* **EXERCISE PROMPT**
What is needed is an exact copy of the lines in the listing below, from the one with "me_cube_001.update()" up to and including the one with "(1.09748, -7.21219e-08, 0.694738)", with no other lines.

* **DATA TO PROCESS**
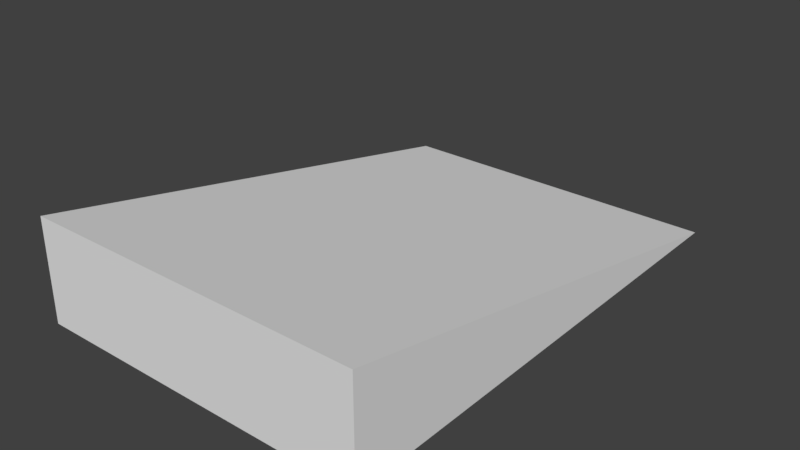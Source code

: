 # Source: Stunt_Jump.blend  (saved by Blender 2.79.0; exported with 4.5.12 LTS)
import bpy
from mathutils import Matrix  # noqa: F401  (used for matrix-valued properties, if any)

bpy.ops.wm.read_factory_settings(use_empty=True)
scene = bpy.context.scene
scene.name = 'Scene'

# ---- collections
col_collection_1 = bpy.data.collections.new('Collection 1'); scene.collection.children.link(col_collection_1)

# ---- materials (node trees are filled in below, after node groups)
mat_road_tex = bpy.data.materials.new('Road_Tex')
mat_road_tex.alpha_threshold = 0.0
mat_road_tex.use_transparent_shadow = False
mat_road_tex.roughness = 0.5
mat_road_trim = bpy.data.materials.new('Road_Trim')
mat_road_trim.alpha_threshold = 0.0
mat_road_trim.use_transparent_shadow = False
mat_road_trim.roughness = 0.5
mat_gravel = bpy.data.materials.new('Gravel')
mat_gravel.alpha_threshold = 0.0
mat_gravel.use_transparent_shadow = False
mat_gravel.roughness = 0.5

# ---- material node trees

# ---- world
world_world = bpy.data.worlds.new('World'); scene.world = world_world
world_world.color = (0.05088, 0.05088, 0.05088)
world_world.use_sun_shadow = False
world_world.sun_shadow_jitter_overblur = 0.0
world_world.cycles.sampling_method = 'MANUAL'

# ---- meshes
me_cube_001 = bpy.data.meshes.new('Cube.001')
me_cube_001.from_pydata([(1.388, -0.5657, 2.316), (1.388, 0.2724, 2.316), (-1.388, -0.5657, 2.316), (-1.388, 0.2724, 2.316), (1.388, -0.5657, -1.782), (-1.388, -0.5657, -1.782), (1.047, 0.2724, 2.316), (-1.047, 0.2724, 2.316), (1.047, -0.5657, 2.316), (1.047, -0.5657, -1.782), (-1.047, -0.5657, 2.316), (-1.047, -0.5657, -1.782)], [], [(1, 4, 9, 6), (9, 8, 6), (0, 1, 6, 8), (1, 0, 4), (7, 10, 8, 6), (10, 7, 11), (2, 3, 5), (5, 3, 7, 11), (9, 11, 7, 6), (2, 10, 7, 3), (5, 4, 0, 2)])
me_cube_001.polygons.foreach_set('material_index', [1, 2, 2, 2, 2, 0, 2, 1, 0, 2, 2])
_uv = me_cube_001.uv_layers.new(name='UVMap')
_uv.uv.foreach_set('vector', [0.05444, 0.9907, 0.05444, 0.008914, 0.9542, 0.008914, 0.9542, 0.9907, 1.329, 0.81, 1.11, -0.1671, 1.329, -0.208, -0.07615, 0.5084, -0.2995, 0.5084, -0.2995, 0.4254, -0.07615, 0.4254, 0.887, 0.8302, 0.6636, 0.8302, 0.6636, -0.1671, -0.2995, -0.08418, -0.07615, -0.08418, -0.07615, 0.4254, -0.2995, 0.4254, 0.7183, 0.04015, 1.0, 0.0, 1.0, 1.0, 1.11, 0.8302, 0.887, 0.8302, 1.11, -0.1671, 0.9542, 0.008914, 0.9542, 0.9907, 0.05444, 0.9907, 0.05444, 0.008914, 3.22e-08, 0.0, 1.0, 0.0, 1.0, 0.625, 0.0, 0.625, -0.07615, -0.1671, -0.07615, -0.08418, -0.2995, -0.08418, -0.2995, -0.1671, -0.07615, -0.1671, 0.6636, -0.1671, 0.6636, 0.8302, -0.07615, 0.8302])
me_cube_001.materials.append(mat_road_tex)
me_cube_001.materials.append(mat_road_trim)
me_cube_001.materials.append(mat_gravel)
me_cube_001.use_remesh_preserve_volume = False
me_cube_001.use_remesh_preserve_attributes = False
me_cube_001.use_mirror_vertex_groups = False
me_cube_001.update()

# ---- objects
ob_cube = bpy.data.objects.new('Cube', me_cube_001)

# ---- transforms, parenting, visibility, modifiers, constraints
ob_cube.location = (0.0, 0.0, 0.5869)
ob_cube.rotation_euler = (1.571, -0.0, 0.0)
ob_cube.lineart.crease_threshold = 0.0

# ---- collection membership
col_collection_1.objects.link(ob_cube)

# ---- scene / render settings (as saved in the file)
scene.frame_start = 1; scene.frame_end = 250; scene.frame_set(1)
scene.render.engine = 'BLENDER_EEVEE_NEXT'
scene.render.resolution_percentage = 50
scene.render.dither_intensity = 0.0
scene.cycles.use_denoising = False
scene.cycles.samples = 128
scene.cycles.sampling_pattern = 'TABULATED_SOBOL'
scene.cycles.use_adaptive_sampling = False
scene.cycles.use_light_tree = False
scene.cycles.blur_glossy = 0.0
scene.cycles.sample_clamp_indirect = 0.0
scene.view_settings.view_transform = 'Standard'
bpy.context.view_layer.update()

# ---- added for rendering (the .blend has no active camera and no usable light): camera, sun
cam_auto = bpy.data.cameras.new('AutoCamera')
cam_auto.lens = 50.0
cam_auto.sensor_width = 36.0
cam_auto.clip_end = 1000.0
ob_auto_camera = bpy.data.objects.new('AutoCamera', cam_auto)
scene.collection.objects.link(ob_auto_camera)
ob_auto_camera.location = (4.64456, -5.84002, 4.15593)
ob_auto_camera.rotation_euler = (1.09748, -7.21219e-08, 0.694738)
scene.camera = ob_auto_camera
light_auto_sun = bpy.data.lights.new('AutoSun', 'SUN')
light_auto_sun.energy = 3.0
light_auto_sun.angle = 0.0523599
ob_auto_sun = bpy.data.objects.new('AutoSun', light_auto_sun)
scene.collection.objects.link(ob_auto_sun)
ob_auto_sun.rotation_euler = (0.872665, 0.174533, 0.523599)
bpy.context.view_layer.update()

* **RESULT FOR THIS EXERCISE**
me_cube_001.update()

# ---- objects
ob_cube = bpy.data.objects.new('Cube', me_cube_001)

# ---- transforms, parenting, visibility, modifiers, constraints
ob_cube.location = (0.0, 0.0, 0.5869)
ob_cube.rotation_euler = (1.571, -0.0, 0.0)
ob_cube.lineart.crease_threshold = 0.0

# ---- collection membership
col_collection_1.objects.link(ob_cube)

# ---- scene / render settings (as saved in the file)
scene.frame_start = 1; scene.frame_end = 250; scene.frame_set(1)
scene.render.engine = 'BLENDER_EEVEE_NEXT'
scene.render.resolution_percentage = 50
scene.render.dither_intensity = 0.0
scene.cycles.use_denoising = False
scene.cycles.samples = 128
scene.cycles.sampling_pattern = 'TABULATED_SOBOL'
scene.cycles.use_adaptive_sampling = False
scene.cycles.use_light_tree = False
scene.cycles.blur_glossy = 0.0
scene.cycles.sample_clamp_indirect = 0.0
scene.view_settings.view_transform = 'Standard'
bpy.context.view_layer.update()

# ---- added for rendering (the .blend has no active camera and no usable light): camera, sun
cam_auto = bpy.data.cameras.new('AutoCamera')
cam_auto.lens = 50.0
cam_auto.sensor_width = 36.0
cam_auto.clip_end = 1000.0
ob_auto_camera = bpy.data.objects.new('AutoCamera', cam_auto)
scene.collection.objects.link(ob_auto_camera)
ob_auto_camera.location = (4.64456, -5.84002, 4.15593)
ob_auto_camera.rotation_euler = (1.09748, -7.21219e-08, 0.694738)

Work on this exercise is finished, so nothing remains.